As you close in on 200 mph, telephone poles do not rush by like picket fence posts. Objects in your peripheral vision don't blur, and there's no difficulty inhaling a breath of fresh air. All the hyperspeed myths fostered by comic book writers and Star Trek movies go poof in the wake of a real Callaway C16 racing to its terminal velocity.
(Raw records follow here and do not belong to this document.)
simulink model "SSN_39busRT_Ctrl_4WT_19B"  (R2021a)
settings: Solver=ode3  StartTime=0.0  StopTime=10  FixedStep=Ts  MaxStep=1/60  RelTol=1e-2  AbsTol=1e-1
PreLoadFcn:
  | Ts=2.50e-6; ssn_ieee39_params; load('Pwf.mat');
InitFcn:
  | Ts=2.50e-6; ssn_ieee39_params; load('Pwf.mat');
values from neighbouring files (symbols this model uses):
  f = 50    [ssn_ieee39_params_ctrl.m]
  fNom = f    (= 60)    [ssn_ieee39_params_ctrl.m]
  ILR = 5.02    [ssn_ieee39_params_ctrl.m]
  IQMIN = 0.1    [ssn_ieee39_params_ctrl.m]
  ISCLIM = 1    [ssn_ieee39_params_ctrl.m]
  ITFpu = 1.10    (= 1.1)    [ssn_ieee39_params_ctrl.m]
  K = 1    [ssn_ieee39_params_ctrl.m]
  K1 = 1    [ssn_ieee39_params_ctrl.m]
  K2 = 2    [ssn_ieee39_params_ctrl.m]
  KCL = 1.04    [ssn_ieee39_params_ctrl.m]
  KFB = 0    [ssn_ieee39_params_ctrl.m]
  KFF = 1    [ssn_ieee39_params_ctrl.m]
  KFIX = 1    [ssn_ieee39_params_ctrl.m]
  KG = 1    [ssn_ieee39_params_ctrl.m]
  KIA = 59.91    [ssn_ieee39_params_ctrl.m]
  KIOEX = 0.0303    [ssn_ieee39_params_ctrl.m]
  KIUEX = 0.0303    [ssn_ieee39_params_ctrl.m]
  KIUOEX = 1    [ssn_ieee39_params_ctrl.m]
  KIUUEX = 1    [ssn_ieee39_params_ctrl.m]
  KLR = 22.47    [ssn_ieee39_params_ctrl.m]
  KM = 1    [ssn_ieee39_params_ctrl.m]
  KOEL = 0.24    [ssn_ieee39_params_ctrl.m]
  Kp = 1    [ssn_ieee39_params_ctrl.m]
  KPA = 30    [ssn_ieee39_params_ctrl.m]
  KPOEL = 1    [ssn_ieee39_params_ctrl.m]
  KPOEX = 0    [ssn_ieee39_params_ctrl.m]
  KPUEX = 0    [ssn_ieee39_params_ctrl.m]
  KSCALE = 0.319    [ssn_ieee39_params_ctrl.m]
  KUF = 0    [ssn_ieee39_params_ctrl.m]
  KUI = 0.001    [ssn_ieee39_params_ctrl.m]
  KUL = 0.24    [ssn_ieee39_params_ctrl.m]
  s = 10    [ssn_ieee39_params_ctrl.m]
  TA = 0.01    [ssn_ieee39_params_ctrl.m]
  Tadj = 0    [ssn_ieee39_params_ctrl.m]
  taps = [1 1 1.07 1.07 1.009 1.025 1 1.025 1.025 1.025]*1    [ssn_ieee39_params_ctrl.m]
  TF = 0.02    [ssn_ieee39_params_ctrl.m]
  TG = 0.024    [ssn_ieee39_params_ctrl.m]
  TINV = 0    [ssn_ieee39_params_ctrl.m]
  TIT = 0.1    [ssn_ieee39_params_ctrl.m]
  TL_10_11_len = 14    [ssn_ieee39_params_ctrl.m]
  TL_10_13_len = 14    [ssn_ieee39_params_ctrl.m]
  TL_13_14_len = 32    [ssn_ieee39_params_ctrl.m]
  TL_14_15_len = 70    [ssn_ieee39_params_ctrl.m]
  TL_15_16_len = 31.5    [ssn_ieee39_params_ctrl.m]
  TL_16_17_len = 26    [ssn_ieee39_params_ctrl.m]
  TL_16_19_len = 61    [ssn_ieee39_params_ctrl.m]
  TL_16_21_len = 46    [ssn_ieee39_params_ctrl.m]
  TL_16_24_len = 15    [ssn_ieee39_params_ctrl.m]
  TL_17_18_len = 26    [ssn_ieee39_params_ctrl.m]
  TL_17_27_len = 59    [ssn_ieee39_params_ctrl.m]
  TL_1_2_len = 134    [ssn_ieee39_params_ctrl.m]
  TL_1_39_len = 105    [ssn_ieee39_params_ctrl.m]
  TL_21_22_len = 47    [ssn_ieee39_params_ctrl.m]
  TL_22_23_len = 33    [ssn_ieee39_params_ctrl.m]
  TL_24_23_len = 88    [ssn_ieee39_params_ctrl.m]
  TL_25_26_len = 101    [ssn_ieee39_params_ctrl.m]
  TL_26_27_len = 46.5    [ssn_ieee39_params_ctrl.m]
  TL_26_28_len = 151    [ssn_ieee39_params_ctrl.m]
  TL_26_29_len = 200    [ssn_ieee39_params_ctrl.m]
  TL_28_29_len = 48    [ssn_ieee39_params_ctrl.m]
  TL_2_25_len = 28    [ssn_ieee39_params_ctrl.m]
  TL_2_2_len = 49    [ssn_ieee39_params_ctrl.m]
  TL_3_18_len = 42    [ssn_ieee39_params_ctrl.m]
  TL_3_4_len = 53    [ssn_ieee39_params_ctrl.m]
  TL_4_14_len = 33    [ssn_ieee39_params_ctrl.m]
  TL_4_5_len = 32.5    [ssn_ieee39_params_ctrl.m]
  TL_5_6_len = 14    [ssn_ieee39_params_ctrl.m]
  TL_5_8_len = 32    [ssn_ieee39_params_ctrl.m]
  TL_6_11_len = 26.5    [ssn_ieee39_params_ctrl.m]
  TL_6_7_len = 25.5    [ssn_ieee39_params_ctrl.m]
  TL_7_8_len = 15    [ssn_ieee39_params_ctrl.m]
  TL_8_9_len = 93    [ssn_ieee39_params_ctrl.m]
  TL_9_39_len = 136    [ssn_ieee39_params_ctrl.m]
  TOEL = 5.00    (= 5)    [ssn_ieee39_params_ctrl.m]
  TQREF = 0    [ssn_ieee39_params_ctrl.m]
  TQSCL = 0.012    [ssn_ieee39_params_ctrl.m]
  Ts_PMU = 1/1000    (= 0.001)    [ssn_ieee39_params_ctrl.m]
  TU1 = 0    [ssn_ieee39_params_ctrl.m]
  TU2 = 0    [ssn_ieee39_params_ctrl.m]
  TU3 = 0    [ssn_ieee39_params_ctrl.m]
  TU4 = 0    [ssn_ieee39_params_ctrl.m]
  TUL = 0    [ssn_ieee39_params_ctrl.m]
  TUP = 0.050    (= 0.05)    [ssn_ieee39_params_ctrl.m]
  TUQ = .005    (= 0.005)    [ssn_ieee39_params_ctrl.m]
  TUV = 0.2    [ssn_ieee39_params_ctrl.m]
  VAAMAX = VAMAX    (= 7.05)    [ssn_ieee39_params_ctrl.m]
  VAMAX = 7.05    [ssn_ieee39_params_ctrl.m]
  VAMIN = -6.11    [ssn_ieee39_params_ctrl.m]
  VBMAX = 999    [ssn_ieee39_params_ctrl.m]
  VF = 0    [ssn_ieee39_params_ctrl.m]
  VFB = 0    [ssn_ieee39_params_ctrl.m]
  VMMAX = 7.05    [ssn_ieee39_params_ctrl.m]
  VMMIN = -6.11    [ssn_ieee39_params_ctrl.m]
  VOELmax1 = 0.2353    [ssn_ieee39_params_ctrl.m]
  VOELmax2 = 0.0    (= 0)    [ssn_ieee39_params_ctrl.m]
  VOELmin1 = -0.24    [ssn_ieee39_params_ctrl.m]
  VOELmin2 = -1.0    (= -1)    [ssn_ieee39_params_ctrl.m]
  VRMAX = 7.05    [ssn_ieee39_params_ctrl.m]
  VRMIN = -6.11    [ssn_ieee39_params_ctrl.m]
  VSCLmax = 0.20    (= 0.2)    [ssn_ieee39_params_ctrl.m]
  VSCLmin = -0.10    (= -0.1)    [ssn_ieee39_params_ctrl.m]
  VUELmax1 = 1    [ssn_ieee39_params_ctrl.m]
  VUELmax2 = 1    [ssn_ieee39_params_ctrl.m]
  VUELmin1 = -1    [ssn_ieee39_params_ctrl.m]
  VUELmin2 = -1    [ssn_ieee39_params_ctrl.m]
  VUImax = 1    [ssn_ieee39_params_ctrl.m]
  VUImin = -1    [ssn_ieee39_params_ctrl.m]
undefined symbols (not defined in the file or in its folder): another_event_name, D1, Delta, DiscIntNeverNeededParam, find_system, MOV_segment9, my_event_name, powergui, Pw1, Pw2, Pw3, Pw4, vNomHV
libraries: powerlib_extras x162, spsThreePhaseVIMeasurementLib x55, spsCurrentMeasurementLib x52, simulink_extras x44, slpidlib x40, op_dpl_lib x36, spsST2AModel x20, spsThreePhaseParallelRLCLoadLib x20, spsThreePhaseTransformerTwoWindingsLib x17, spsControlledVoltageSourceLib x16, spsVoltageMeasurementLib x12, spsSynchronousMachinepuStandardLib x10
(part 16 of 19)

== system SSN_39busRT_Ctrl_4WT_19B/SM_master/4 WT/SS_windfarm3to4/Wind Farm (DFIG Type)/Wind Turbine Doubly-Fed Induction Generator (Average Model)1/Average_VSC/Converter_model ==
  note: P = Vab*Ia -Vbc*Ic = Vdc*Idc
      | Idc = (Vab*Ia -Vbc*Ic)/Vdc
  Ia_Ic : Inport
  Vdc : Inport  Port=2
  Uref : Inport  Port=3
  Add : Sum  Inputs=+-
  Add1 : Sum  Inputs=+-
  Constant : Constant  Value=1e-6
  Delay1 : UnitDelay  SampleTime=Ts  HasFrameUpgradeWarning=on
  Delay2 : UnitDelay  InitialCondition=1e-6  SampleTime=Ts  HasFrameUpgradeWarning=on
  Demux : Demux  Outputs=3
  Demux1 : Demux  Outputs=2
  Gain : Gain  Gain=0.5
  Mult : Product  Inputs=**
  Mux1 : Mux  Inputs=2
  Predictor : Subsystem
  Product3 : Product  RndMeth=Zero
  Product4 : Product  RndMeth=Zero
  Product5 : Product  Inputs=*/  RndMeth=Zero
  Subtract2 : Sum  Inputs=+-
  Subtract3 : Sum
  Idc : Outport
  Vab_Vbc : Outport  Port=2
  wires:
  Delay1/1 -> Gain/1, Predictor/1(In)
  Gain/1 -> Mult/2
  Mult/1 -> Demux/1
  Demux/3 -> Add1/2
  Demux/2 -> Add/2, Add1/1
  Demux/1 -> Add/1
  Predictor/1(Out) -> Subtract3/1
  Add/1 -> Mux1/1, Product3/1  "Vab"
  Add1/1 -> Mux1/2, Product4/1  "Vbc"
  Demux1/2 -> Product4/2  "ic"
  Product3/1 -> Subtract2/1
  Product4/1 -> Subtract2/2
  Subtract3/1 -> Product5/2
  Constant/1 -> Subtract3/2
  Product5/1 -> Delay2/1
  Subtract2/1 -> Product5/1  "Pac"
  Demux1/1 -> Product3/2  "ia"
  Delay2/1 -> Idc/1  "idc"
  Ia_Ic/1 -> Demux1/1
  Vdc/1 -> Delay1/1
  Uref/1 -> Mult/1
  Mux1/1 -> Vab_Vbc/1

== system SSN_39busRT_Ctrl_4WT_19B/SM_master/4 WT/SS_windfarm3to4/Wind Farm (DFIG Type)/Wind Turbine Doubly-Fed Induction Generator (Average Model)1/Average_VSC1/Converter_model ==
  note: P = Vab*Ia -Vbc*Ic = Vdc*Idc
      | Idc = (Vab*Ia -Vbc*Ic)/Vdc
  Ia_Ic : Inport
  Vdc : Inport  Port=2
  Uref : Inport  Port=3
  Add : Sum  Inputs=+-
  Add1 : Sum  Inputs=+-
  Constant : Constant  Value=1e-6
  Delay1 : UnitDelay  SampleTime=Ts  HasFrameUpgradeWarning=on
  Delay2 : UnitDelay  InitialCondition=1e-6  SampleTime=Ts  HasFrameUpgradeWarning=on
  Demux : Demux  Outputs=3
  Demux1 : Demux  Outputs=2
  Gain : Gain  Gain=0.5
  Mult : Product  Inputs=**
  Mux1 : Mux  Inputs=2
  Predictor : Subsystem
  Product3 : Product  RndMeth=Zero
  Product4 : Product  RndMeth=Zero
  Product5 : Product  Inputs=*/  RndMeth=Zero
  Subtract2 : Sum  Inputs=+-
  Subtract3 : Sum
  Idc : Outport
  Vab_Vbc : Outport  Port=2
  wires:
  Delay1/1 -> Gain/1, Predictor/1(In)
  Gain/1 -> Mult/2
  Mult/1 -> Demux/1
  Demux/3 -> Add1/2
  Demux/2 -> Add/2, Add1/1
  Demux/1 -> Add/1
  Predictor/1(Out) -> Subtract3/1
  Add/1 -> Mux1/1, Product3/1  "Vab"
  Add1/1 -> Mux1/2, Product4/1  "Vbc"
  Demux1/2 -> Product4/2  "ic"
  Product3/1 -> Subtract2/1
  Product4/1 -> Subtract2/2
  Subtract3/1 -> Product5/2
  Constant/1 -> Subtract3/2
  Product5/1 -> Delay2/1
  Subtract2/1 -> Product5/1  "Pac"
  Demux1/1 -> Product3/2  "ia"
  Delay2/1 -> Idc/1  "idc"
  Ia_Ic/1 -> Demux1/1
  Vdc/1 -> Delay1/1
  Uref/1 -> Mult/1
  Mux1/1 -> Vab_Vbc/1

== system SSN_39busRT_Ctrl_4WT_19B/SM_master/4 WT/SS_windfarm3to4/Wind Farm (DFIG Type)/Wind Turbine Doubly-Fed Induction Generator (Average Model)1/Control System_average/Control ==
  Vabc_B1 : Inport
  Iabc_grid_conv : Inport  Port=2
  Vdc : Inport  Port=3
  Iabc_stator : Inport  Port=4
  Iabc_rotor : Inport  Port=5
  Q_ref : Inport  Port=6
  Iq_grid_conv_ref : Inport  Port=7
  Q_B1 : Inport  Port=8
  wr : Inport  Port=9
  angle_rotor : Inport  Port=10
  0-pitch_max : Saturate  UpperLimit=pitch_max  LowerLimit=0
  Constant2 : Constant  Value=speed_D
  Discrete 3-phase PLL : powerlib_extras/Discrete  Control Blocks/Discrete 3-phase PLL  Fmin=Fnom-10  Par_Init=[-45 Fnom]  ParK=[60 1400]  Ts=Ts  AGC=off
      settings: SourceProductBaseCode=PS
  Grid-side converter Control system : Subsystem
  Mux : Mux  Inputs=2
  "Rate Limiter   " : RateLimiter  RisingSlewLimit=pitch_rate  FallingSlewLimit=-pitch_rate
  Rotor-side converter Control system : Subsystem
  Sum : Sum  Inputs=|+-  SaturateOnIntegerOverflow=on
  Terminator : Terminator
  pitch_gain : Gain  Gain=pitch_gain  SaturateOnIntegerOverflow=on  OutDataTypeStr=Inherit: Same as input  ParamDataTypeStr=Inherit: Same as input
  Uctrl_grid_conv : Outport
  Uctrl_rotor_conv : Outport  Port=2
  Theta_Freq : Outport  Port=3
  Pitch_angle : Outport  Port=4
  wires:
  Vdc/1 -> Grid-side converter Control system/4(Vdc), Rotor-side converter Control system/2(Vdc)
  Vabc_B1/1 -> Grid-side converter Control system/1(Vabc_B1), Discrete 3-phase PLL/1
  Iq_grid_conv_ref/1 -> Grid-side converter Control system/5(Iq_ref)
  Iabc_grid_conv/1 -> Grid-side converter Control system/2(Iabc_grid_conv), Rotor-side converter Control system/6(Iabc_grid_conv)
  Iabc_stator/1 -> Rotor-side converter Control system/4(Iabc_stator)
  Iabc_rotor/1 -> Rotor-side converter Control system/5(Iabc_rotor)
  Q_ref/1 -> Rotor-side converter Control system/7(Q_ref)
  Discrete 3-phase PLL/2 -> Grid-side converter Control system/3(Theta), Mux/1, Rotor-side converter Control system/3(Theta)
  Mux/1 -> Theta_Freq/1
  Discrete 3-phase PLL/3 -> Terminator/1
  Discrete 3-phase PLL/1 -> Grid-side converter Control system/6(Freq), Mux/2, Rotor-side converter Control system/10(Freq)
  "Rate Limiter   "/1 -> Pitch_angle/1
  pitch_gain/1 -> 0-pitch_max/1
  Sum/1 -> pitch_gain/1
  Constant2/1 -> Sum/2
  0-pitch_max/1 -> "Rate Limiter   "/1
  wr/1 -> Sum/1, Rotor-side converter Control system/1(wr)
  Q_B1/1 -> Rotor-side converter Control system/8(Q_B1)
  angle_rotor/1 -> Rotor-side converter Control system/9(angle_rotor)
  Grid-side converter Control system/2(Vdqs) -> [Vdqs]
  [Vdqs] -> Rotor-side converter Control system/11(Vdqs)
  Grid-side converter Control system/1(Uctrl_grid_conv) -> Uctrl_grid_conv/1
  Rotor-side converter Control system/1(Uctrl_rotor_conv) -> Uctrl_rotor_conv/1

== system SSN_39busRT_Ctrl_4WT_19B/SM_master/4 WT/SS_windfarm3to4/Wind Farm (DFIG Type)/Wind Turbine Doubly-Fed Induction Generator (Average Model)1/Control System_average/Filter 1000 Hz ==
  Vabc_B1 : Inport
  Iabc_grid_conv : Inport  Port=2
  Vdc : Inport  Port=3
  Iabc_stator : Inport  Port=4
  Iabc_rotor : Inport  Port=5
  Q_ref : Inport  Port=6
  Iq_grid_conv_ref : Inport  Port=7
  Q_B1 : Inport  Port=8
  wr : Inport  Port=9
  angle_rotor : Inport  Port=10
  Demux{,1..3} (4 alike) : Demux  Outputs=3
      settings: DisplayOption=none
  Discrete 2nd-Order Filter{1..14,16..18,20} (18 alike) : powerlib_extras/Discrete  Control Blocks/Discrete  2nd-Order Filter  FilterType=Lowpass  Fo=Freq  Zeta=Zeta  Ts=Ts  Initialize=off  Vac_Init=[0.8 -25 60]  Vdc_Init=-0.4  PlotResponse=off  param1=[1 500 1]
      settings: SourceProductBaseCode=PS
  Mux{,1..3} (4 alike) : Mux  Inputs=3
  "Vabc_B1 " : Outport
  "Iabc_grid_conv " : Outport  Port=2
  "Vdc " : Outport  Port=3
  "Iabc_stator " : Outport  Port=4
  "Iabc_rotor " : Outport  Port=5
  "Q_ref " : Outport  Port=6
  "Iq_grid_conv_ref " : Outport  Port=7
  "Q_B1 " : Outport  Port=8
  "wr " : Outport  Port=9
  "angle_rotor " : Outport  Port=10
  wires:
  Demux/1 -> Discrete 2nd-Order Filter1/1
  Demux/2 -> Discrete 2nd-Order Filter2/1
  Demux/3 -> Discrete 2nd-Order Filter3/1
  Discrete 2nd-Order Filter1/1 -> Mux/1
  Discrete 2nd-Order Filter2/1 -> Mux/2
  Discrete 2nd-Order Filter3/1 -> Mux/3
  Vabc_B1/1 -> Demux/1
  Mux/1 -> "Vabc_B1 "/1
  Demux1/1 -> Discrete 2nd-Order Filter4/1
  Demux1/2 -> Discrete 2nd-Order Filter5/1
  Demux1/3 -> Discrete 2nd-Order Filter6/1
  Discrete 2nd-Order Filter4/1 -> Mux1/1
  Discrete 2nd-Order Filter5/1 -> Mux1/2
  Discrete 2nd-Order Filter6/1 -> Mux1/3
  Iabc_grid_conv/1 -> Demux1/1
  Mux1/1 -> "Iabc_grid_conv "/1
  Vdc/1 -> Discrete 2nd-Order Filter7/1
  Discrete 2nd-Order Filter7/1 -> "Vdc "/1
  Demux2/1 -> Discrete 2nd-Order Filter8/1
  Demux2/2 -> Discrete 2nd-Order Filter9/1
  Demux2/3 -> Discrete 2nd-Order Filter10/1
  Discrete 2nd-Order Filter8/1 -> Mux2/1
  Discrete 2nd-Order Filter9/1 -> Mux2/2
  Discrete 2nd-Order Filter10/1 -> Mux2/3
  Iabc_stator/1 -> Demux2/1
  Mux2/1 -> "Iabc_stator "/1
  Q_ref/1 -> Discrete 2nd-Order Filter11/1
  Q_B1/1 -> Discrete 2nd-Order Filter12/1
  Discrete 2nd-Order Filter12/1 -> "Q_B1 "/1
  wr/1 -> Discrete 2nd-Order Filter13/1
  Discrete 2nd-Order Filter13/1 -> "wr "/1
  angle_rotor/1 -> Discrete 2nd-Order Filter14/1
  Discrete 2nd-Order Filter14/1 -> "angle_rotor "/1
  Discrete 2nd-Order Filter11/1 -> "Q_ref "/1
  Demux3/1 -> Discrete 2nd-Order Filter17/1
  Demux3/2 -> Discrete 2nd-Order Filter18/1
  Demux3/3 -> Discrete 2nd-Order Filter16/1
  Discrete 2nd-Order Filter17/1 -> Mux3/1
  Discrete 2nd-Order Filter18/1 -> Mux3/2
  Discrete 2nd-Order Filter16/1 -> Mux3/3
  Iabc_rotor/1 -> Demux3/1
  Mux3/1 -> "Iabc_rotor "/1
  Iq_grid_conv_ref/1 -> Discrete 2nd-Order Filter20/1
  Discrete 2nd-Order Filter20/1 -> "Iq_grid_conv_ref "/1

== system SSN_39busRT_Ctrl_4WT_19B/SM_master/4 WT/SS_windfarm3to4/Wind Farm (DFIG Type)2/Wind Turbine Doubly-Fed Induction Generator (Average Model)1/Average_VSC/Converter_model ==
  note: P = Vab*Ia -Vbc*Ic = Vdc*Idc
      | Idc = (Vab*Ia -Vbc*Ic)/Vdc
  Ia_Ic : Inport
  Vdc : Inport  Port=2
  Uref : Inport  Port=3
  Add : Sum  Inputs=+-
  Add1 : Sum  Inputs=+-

Your pupils do close down to pinholes, however. Concentration filters out all but the most critical data--the tach needle's agonizingly slow sweep toward 6000 rpm, the rhythmic beat of combustion, the center line of the two-lane road ahead. With right leg locked, I wait patiently while the Vbox digital speed-ometer display ticks up one tenth at a time: 198.1, 198.2, 198.3.
Wish as I might, the digits will not budge past 198.3 mph. The 200-mph gate is locked tight. When I yank the shifter from fifth to sixth, speed and revs sag. Only a fraction of the horsepower available at 6000 rpm is on tap at 5000 rpm. For today at least, the 200-plus-mph Callaway C16 is a 198-mph automobile.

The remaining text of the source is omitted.